# Unterschied zwischen Required Interface und Provided Interface



## dan1996 (15. Feb 2020)

Hallo ich will einen Komponentendiagramm erstellen und verstehe nicht ganz den unterschied zwischen Required Interface und Provided Interface.. kann mir das jemand erklären? 
an dem Beispiel: 
... Zusätzlich kann der Controller(Komponente) Daten von einer Netzwerkkomponente erhalten


----------



## httpdigest (15. Feb 2020)

- provided (engl.) = "bereitgestellt"
- required (engl.) = "benötigt"

Heißt also, dass eine Komponente anderen Komponenten über ein "provided" Interface Funktionalität zur Verfügung stellen kann, aber auch Funktionalität über "required" Interfaces von anderen Komponenten benötigt, um funktionieren zu können. Als Beispiel für ein provided Interface denke da z.B. an eine java.util.ArrayList. Diese stellt etwa über das java.util.List Interface Funktionalität bereit.
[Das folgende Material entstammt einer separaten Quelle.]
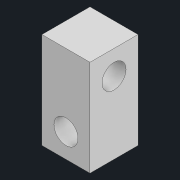
# Autodesk Inventor part: UnionOrtogonal
Saved by Autodesk Inventor 2021 (Build 250183000, 183)
## iProperties
Created: 2021-05-06
Part Number: UnionOrtogonal
Material: Generic
Document SubType Name: Modeling
Designer: GABRIEL LOL
Density: 1 g/cm^3
Appearance: Default
Author: GABRIEL LOL
Autodesk Inventor part; units mm, degrees
ref_plane "YZ Plane" through (0, 0, 0) normal (1, 0, 0) x (0, 1, 0)
ref_plane "XZ Plane" through (0, 0, 0) normal (0, 1, 0) x (-1, 0, 0)
ref_plane "XY Plane" through (0, 0, 0) normal (0, 0, 1) x (1, 0, 0)
sketch "Sketch1" plane through (0, 0, 0) normal (0, 0, 1) x (1, 0, 0)
  circle A0 centre (0, 0) radius 1.25
  line L0 (0, 0) -> (0, 5) construction
  circle A1 centre (0, 5) radius 1.25 construction
  line L1 (0, 0) -> (-2.5, 0) construction
  line L2 (-2.5, 0) -> (-2.5, -2.5) construction
  line L3 (0, 5) -> (0, 7.5) construction
  line L4 (0, 7.5) -> (2.5, 7.5) construction
  line L5 (-2.5, -2.5) -> (2.5, -2.5)
  line L6 (2.5, -2.5) -> (2.5, 7.5)
  line L7 (2.5, 7.5) -> (-2.5, 7.5)
  line L8 (-2.5, 7.5) -> (-2.5, -2.5)
  dimension "d0" = 2.5
  dimension "d1" = 5
  dimension "d2" = 2.5
  dimension "d3" = 2.5
  dimension "d4" = 2.5
  dimension "d5" = 2.5
  dimension "d6" = 2.5
  constraints: 18 end point, 3 perpendicular, 2 centre point, 2 coincident, 2 horizontal, 2 parallel, 2 vertical
  measures "d0" diameter of A0
  measures "d1" distance of L0.start L0.end
  measures "d2" diameter of A1
  measures "d3" distance of L0.start L1.end
  measures "d4" distance of L1.end L2.end
  measures "d5" distance of L3.start L3.end
  measures "d6" distance of L3.end L4.end
extrude "Extrusion1" add sketch "Sketch1" along normal blind 5
sketch "Sketch2" plane through (2.5, -2.5, 0) normal (1, 0, 0) x (0, 0, -1)
  line L0 (-5, 1.25) -> (-5, 3.75) projected
  line L1 (0, 0) -> (0, 10) projected
  line L2 (0, 10) -> (-5, 10) projected
  line L3 (-5, 0) -> (-5, 10) projected
  line L4 (0, 0) -> (-5, 0) projected
  line L5 (-5, 0) -> (-5, 10) construction
  line L6 (-5, 2.5) -> (-2.5, 2.5) construction
  line L7 (-2.5, 2.5) -> (-2.5, 2.5) construction
  line L8 (-2.5, 2.5) -> (-2.5, 7.5) construction
  circle A0 centre (-2.5, 7.5) radius 1.25
  point P0 (0, 2.5)
  dimension "d9" = 2.5
  dimension "d10" = 0
  dimension "d11" = 5
  dimension "d12" = 2.5
  constraints: 6 end point, 2 perpendicular, 2 point on line, 1 centre point, 1 coincident
  measures "d9" distance of L6.start L6.end
  measures "d10" distance of L6.end L7.end
  measures "d11" distance of L7.end L8.end
  measures "d12" diameter of A0
extrude "Extrusion2" cut sketch "Sketch2" against normal blind 5 contours A0
body "Solid1"
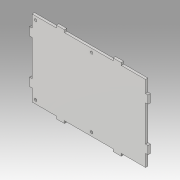
# Autodesk Inventor part: bottom_instrumentboard
Saved by Autodesk Inventor 2019.3 (Build 233278000, 278)
## iProperties
Created: 2019-05-28
Part Number: bottom_instrumentboard
Material: Generic
Document SubType Name: Modeling
Designer: Dave
Density: 1 g/cm^3
Appearance: Default
Author: Dave
Autodesk Inventor part; units mm, degrees
ref_plane "YZ Plane" through (0, 0, 0) normal (1, 0, 0) x (0, 1, 0)
ref_plane "XZ Plane" through (0, 0, 0) normal (0, 1, 0) x (-1, 0, 0)
ref_plane "XY Plane" through (0, 0, 0) normal (0, 0, 1) x (1, 0, 0)
sketch "Sketch1" plane through (0, 0, 0) normal (0, 0, 1) x (1, 0, 0)
  line L0 (0, 0) -> (140, 0)
  line L1 (140, 0) -> (140, 94)
  line L2 (140, 94) -> (0, 94)
  line L3 (0, 94) -> (0, 0)
  circle A0 centre (4.5, 89.5) radius 1.55
  circle A1 centre (4.5, 4.5) radius 1.55
  circle A2 centre (73.5, 89.5) radius 1.55
  circle A3 centre (73.5, 4.5) radius 1.55
  line L4 (0, 79) -> (-3, 79)
  line L5 (-3, 79) -> (-3, 69)
  line L6 (-3, 69) -> (0, 69)
  line L7 (0, 69) -> (0, 79)
  line L8 (0, 25) -> (-3, 25)
  line L9 (-3, 25) -> (-3, 15)
  line L10 (-3, 15) -> (0, 15)
  line L11 (0, 15) -> (0, 25)
  line L12 (140, 79) -> (143, 79)
  line L13 (143, 79) -> (143, 69)
  line L14 (143, 69) -> (140, 69)
  line L15 (140, 69) -> (140, 79)
  line L16 (140, 25) -> (143, 25)
  line L17 (143, 25) -> (143, 15)
  line L18 (143, 15) -> (140, 15)
  line L19 (140, 15) -> (140, 25)
  line L20 (30, 94) -> (40, 94)
  line L21 (40, 94) -> (40, 97)
  line L22 (40, 97) -> (30, 97)
  line L23 (30, 97) -> (30, 94)
  line L24 (100, 94) -> (110, 94)
  line L25 (110, 94) -> (110, 97)
  line L26 (110, 97) -> (100, 97)
  line L27 (100, 97) -> (100, 94)
  line L28 (30, 0) -> (40, 0)
  line L29 (40, 0) -> (40, -3)
  line L30 (40, -3) -> (30, -3)
  line L31 (30, -3) -> (30, 0)
  line L32 (100, 0) -> (110, 0)
  line L33 (110, 0) -> (110, -3)
  line L34 (110, -3) -> (100, -3)
  line L35 (100, -3) -> (100, 0)
  point P0 (141.5, 25)
  point P1 (-1.5, 25)
  point P2 (-1.5, 69)
  point P3 (141.5, 69)
  point P4 (-3, 74)
  point P5 (-3, 20)
  point P6 (143, 74)
  point P7 (143, 20)
  dimension "d0" = 3.1
  dimension "d1" = 85
  dimension "d2" = 69
  dimension "d3" = 94
  dimension "d4" = 4.5
  dimension "d5" = 4.5
  dimension "d6" = 4.5
  dimension "d7" = 140
  dimension "d8" = 3
  dimension "d9" = 10
  dimension "d10" = 15
  dimension "d11" = 15
  dimension "d12" = 30
  dimension "d13" = 30
  constraints: 72 end point, 19 point on line, 18 parallel, 9 horizontal, 9 perpendicular, 8 midpoint, 6 equal length, 4 centre point, 4 horizontal alignment, 4 vertical alignment, 3 equal radius, 1 collinear
  measures "d0" diameter of A0
  measures "d1" distance of A1.centre A0.centre
  measures "d2" distance of A2.centre A0.centre
  measures "d3" distance between parallel lines of L0 L2
  measures "d4" distance from line of L0 A1.centre
  measures "d5" distance from line of L2 A0.centre
  measures "d6" distance from line of L3 A0.centre
  measures "d7" distance between parallel lines of L1 L3
  measures "d8" distance of L4.start L4.end
  measures "d9" distance of L4.end L5.end
  measures "d10" distance between parallel lines of L2 L4
  measures "d11" distance between parallel lines of L0 L10
  measures "d12" distance between parallel lines of L3 L23
  measures "d13" distance between parallel lines of L1 L25
extrude "Extrusion1" add sketch "Sketch1" along normal blind 3
body "Solid1"
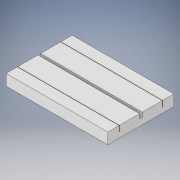
# Autodesk Inventor part: Small Bread Board
Saved by Autodesk Inventor 2018 (Build 220112000, 112)
## iProperties
Created: 2018-05-02
Part Number: Small Bread Board
Material: PC/ABS Plastic
Document SubType Name: Modeling
Designer: Ajith Thomas
Density: 0.357273 g/cm^3
Appearance: Smooth - White
Mass: 14.1242 g
Surface Area: 135.488 cm^2
Volume: 39.5335 cm^3
Author: Ajith Thomas
Autodesk Inventor part; units mm, degrees
ref_plane "YZ Plane" through (0, 0, 0) normal (1, 0, 0) x (0, 1, 0)
ref_plane "XZ Plane" through (0, 0, 0) normal (0, 1, 0) x (-1, 0, 0)
ref_plane "XY Plane" through (0, 0, 0) normal (0, 0, 1) x (1, 0, 0)
sketch "Sketch1" plane through (0, 0, 0) normal (0, 1, 0) x (-1, 0, 0)
  line L0 (41.5, -27) -> (-41.5, -27)
  line L1 (-41.5, -27) -> (-41.5, 27)
  line L2 (-41.5, 27) -> (41.5, 27)
  line L3 (41.5, 27) -> (41.5, -27)
  line L4 (41.5, -27) -> (-41.5, 27) construction
  line L5 (-41.5, -27) -> (41.5, 27) construction
  point P0 (0, 0)
  dimension "d0" = 83
  dimension "d1" = 54
  constraints: 12 end point, 2 midpoint, 2 parallel, 1 horizontal, 1 perpendicular
  measures "d0" distance of L1.end L2.end
  measures "d1" distance of L0.end L1.end
extrude "Extrusion1" add sketch "Sketch1" along normal blind 9
sketch "Sketch2" plane through (41.5, 0, 27) normal (1, 0, 0) x (0, 0, -1)
  line L0 (27, 0) -> (27, 8.8182) construction
  line L1 (27, 4.4091) -> (44.5, 4.4091) construction
  line L2 (44.5, 4.4091) -> (44.75, 4.4091)
  line L3 (44.75, 4.4091) -> (44.75, 11.998)
  line L4 (44.75, 11.998) -> (44.5, 11.998)
  line L5 (44.5, 11.998) -> (44.5, 4.4091)
  line L6 (9.5, 4.4091) -> (9.25, 4.4091)
  line L7 (9.25, 4.4091) -> (9.25, 11.998)
  line L8 (9.25, 11.998) -> (9.5, 11.998)
  line L9 (9.5, 11.998) -> (9.5, 4.4091)
  line L10 (26, 12.3352) -> (28, 12.3352)
  line L11 (28, 12.3352) -> (28, 5.3012)
  line L12 (28, 5.3012) -> (26, 5.3012)
  line L13 (26, 5.3012) -> (26, 12.3352)
  line L14 (26, 12.3352) -> (28, 5.3012) construction
  line L15 (28, 12.3352) -> (26, 5.3012) construction
  dimension "d4" = 17.5
  dimension "d5" = 0.25
  dimension "d6" = 2
  dimension "d7" = 7.034
  constraints: 32 end point, 4 parallel, 4 symmetric about line, 3 horizontal, 3 midpoint, 2 perpendicular, 1 vertical
  measures "d4" distance of L1.start L1.end
  measures "d5" distance of L4.end L3.end
  measures "d6" distance of L11.end L12.end
  measures "d7" distance of L10.end L11.end
extrude "Extrusion2" cut sketch "Sketch2" against normal blind 109.0125
body "Solid1"
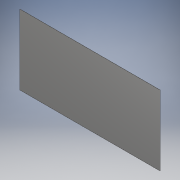
# Autodesk Inventor part: SteelTankSideandBottom
Saved by Autodesk Inventor 2019 (Build 230136000, 136)
## iProperties
Created: 2021-05-18
Part Number: SteelTankSideandBottom
Material: Generic
Document SubType Name: Modeling
Designer: jamieson-bl
Density: 1 g/cm^3
Appearance: Default
Author: jamieson-bl
Autodesk Inventor part; units mm, degrees
ref_plane "YZ Plane" through (0, 0, 0) normal (1, 0, 0) x (0, 1, 0)
ref_plane "XZ Plane" through (0, 0, 0) normal (0, 1, 0) x (-1, 0, 0)
ref_plane "XY Plane" through (0, 0, 0) normal (0, 0, 1) x (1, 0, 0)
sketch "Sketch1" plane through (0, 0, 0) normal (0, 0, 1) x (1, 0, 0)
  line L0 (1524, -762) -> (-1524, -762)
  line L1 (-1524, -762) -> (-1524, 762)
  line L2 (-1524, 762) -> (1524, 762)
  line L3 (1524, 762) -> (1524, -762)
  line L4 (1524, -762) -> (-1524, 762) construction
  line L5 (-1524, -762) -> (1524, 762) construction
  point P0 (0, 0)
  dimension "d0" = 3048
  dimension "d1" = 1524
  constraints: 12 end point, 2 midpoint, 2 parallel, 1 horizontal, 1 perpendicular
  measures "d0" distance of L1.end L2.end
  measures "d1" distance of L0.end L1.end
extrude "Extrusion1" add sketch "Sketch1" along normal blind 2.7432

Und z.B. ein java.io.BufferedReader _benötigt_ einen anderen java.io.Reader als required Interface, den er puffern soll, bietet in diesem Fall aber auch dieselbe Schnittstelle an.
Für eine Komponente A ist ein provided Interface also eine Schnittstelle, die andere Komponenten von A nutzen können und ein required Interface ist eine Schnittstelle, die A von anderen Komponenten nutzen muss.


----------



## dan1996 (15. Feb 2020)

ich danke dir habe es endlich einigermaßen verstanden


----------



## dan1996 (15. Feb 2020)

aber zum Beispiel hier "Für die Kommunikation zwischen View und Controller implementiert die View ein Interface, über das Usereingaben an den Controller weitergegeben werden"
*unterstrichen sind die komponente 
ich versteh nicht ganz warum View Required ist und Controller Provided.. ich meine der Controller benötigt doch die Informationen der Weitergabe


----------